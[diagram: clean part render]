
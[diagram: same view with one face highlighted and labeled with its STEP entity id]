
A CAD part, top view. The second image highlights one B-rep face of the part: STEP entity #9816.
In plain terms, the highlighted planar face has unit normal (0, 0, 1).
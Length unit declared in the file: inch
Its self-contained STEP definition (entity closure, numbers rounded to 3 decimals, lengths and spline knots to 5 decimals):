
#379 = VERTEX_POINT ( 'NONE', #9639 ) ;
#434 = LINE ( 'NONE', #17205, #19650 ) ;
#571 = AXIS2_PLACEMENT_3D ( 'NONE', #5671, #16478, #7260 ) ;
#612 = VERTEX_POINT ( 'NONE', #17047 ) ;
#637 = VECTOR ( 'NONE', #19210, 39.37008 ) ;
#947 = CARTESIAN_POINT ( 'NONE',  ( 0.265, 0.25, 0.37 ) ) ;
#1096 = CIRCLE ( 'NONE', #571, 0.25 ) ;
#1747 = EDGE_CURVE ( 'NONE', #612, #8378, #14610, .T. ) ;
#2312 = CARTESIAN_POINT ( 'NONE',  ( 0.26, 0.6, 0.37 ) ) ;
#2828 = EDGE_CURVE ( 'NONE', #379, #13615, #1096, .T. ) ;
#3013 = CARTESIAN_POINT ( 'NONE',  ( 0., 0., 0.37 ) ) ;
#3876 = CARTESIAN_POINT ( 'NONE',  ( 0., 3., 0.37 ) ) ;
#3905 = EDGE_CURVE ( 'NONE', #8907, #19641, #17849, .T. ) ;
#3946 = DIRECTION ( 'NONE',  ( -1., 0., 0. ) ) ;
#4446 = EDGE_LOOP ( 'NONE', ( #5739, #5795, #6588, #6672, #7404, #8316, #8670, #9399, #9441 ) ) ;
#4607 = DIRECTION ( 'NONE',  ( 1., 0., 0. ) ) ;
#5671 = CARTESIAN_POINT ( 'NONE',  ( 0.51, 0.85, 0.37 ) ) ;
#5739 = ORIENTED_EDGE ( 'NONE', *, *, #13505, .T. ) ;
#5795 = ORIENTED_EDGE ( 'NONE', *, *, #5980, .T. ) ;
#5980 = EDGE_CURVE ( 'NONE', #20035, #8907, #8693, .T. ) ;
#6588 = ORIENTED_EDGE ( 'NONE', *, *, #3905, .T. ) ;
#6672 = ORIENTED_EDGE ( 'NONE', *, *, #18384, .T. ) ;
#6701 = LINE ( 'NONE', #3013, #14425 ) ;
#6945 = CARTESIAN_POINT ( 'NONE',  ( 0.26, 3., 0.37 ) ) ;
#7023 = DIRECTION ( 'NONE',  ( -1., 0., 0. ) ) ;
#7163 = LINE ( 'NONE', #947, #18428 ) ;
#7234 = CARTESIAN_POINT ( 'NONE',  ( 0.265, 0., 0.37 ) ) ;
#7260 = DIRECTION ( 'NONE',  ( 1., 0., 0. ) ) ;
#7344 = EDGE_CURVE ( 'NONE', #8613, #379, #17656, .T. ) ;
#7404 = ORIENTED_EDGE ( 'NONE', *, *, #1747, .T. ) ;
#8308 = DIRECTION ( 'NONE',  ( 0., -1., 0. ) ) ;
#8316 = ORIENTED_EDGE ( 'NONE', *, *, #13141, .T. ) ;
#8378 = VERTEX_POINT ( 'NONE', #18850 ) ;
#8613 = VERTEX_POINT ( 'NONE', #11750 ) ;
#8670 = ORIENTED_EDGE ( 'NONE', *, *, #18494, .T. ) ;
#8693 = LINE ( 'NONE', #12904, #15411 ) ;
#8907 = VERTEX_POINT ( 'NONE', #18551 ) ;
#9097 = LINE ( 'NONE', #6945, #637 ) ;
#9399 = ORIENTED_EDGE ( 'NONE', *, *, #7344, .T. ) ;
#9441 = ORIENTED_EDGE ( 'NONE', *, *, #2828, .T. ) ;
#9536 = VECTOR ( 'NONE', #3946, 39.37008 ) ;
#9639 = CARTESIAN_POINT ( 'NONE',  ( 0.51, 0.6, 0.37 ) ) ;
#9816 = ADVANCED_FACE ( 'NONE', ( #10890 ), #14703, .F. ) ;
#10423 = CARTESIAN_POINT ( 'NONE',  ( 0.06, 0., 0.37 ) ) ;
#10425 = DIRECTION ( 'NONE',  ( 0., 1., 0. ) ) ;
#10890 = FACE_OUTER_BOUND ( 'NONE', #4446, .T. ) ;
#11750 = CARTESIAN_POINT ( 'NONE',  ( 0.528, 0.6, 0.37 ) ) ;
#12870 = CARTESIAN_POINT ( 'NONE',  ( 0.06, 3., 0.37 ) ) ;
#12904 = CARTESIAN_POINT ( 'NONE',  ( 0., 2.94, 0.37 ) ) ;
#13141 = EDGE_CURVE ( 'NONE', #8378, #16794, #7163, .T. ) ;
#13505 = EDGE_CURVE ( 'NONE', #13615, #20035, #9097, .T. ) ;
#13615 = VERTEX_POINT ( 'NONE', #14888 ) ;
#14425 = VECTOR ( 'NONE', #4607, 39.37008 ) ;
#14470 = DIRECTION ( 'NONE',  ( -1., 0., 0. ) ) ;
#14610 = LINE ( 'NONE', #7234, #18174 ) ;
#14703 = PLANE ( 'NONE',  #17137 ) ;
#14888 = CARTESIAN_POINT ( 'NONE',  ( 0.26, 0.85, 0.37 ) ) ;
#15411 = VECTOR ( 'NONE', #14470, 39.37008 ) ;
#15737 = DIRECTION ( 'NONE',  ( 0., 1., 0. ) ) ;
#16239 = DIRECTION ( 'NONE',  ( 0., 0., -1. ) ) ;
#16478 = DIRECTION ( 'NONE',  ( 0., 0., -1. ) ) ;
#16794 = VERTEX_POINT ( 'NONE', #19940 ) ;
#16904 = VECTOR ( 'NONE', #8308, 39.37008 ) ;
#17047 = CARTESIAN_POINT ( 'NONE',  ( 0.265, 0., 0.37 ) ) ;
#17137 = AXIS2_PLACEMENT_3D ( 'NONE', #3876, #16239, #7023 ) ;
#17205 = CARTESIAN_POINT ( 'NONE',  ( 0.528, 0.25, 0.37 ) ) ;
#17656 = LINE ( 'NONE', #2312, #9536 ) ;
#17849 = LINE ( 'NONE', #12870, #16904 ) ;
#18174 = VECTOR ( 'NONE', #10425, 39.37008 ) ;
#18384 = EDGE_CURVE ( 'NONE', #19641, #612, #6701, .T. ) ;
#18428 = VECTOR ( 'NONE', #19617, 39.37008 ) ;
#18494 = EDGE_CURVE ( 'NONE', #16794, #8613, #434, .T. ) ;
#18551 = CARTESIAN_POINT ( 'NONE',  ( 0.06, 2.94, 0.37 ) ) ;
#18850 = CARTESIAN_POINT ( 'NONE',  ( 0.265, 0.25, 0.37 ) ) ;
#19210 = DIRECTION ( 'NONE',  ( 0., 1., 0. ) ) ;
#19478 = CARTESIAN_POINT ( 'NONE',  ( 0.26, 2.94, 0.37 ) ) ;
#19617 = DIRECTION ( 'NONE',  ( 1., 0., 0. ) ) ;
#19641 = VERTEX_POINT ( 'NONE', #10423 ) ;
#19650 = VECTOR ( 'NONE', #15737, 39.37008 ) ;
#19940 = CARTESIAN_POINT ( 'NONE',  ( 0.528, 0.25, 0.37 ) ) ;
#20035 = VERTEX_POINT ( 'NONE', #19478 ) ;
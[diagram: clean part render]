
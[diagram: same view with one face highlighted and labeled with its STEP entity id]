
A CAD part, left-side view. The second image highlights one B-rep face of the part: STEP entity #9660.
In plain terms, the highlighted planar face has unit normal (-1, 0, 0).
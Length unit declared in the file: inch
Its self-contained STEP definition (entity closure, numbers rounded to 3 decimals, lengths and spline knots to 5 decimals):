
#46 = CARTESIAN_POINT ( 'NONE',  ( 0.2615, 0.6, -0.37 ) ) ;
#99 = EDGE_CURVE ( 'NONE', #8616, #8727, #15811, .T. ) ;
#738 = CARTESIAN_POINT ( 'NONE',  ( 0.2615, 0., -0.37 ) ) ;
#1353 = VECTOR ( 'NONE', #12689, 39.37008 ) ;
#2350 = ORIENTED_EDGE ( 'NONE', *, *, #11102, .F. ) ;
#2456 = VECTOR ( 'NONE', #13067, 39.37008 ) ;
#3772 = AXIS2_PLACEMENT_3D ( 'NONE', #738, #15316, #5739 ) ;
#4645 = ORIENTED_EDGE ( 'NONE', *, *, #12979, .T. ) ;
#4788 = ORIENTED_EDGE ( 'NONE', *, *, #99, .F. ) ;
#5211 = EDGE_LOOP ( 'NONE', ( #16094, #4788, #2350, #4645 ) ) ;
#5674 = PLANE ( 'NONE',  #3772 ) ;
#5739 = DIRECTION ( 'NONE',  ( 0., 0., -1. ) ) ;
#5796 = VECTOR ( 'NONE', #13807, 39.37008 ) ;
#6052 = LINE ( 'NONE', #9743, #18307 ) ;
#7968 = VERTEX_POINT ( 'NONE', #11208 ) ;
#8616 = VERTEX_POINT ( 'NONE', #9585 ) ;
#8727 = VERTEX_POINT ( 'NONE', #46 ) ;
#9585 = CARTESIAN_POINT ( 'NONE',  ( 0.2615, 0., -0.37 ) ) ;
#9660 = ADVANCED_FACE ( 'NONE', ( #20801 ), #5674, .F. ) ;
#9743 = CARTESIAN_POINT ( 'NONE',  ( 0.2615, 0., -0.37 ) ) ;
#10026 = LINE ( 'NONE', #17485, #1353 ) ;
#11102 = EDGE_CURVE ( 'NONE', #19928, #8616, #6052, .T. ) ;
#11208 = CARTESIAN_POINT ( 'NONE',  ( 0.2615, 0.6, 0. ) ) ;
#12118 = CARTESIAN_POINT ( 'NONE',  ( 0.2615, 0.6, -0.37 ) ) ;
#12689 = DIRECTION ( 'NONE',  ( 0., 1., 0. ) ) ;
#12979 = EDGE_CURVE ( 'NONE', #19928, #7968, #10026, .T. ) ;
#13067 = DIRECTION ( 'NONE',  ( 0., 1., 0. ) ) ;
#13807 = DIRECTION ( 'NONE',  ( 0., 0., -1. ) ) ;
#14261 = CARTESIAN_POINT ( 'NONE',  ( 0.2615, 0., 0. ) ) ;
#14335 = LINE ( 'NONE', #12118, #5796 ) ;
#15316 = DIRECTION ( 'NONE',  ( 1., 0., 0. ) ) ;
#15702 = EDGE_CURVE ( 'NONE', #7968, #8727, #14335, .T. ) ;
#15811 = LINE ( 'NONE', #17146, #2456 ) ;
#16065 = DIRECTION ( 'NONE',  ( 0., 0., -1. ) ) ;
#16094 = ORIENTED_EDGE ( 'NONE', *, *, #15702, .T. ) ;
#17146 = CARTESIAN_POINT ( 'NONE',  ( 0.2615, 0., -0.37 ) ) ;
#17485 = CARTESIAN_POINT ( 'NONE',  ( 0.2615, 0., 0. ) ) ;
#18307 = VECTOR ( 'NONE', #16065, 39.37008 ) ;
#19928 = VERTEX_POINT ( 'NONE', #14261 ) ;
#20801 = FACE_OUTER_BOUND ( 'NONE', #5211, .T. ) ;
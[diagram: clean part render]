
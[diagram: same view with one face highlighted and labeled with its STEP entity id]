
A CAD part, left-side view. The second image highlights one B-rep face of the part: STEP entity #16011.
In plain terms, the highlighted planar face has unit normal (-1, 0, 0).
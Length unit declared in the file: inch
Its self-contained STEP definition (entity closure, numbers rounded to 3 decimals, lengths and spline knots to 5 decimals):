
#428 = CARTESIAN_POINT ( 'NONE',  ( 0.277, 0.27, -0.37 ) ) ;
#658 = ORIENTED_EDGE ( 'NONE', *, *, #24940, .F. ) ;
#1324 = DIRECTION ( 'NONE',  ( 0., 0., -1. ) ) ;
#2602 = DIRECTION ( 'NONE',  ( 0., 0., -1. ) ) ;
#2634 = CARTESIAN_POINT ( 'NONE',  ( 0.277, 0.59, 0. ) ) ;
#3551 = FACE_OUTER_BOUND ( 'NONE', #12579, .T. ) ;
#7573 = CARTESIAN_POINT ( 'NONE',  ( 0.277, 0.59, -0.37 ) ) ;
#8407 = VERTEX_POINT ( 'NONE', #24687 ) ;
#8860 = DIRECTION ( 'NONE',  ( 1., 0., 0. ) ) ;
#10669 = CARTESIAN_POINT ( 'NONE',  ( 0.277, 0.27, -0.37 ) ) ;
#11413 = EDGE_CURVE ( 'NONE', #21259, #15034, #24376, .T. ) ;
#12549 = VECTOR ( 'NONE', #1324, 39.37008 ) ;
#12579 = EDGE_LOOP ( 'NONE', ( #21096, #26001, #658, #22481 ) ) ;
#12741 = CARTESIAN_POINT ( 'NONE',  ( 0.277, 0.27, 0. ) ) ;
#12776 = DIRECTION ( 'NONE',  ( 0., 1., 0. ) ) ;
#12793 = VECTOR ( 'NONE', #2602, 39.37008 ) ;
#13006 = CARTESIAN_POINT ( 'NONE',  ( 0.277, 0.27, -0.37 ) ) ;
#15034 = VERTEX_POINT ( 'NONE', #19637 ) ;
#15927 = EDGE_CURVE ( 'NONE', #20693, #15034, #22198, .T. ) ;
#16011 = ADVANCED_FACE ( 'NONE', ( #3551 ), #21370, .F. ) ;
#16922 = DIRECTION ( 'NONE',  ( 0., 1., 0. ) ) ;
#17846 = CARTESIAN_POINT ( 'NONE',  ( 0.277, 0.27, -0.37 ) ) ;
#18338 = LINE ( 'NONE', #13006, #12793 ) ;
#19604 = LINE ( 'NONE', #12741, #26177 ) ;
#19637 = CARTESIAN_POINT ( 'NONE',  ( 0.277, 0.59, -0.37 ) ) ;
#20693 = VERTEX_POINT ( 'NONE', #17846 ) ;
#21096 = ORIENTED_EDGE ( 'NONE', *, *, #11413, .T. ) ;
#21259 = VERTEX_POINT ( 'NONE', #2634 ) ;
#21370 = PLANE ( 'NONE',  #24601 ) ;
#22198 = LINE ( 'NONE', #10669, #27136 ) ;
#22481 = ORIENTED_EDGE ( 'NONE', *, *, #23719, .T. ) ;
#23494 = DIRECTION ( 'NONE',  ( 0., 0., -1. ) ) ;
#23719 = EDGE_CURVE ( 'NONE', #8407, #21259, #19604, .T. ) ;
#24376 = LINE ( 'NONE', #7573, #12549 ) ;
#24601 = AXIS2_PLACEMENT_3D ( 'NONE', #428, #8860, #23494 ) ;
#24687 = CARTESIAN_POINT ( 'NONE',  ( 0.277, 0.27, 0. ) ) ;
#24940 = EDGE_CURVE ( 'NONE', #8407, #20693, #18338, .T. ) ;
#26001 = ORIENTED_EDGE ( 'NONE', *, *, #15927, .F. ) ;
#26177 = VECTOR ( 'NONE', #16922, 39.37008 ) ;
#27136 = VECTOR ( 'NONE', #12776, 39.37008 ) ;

▶ [WHAT YOU NEED TO DO]:
From the line containing "#24601 = AXIS2_PLACEMENT_3D" through the final line of the listing above, retype every line exactly; leave out everything else.

▶ [WRITTEN RESPONSE]:
#24601 = AXIS2_PLACEMENT_3D ( 'NONE', #428, #8860, #23494 ) ;
#24687 = CARTESIAN_POINT ( 'NONE',  ( 0.277, 0.27, 0. ) ) ;
#24940 = EDGE_CURVE ( 'NONE', #8407, #20693, #18338, .T. ) ;
#26001 = ORIENTED_EDGE ( 'NONE', *, *, #15927, .F. ) ;
#26177 = VECTOR ( 'NONE', #16922, 39.37008 ) ;
#27136 = VECTOR ( 'NONE', #12776, 39.37008 ) ;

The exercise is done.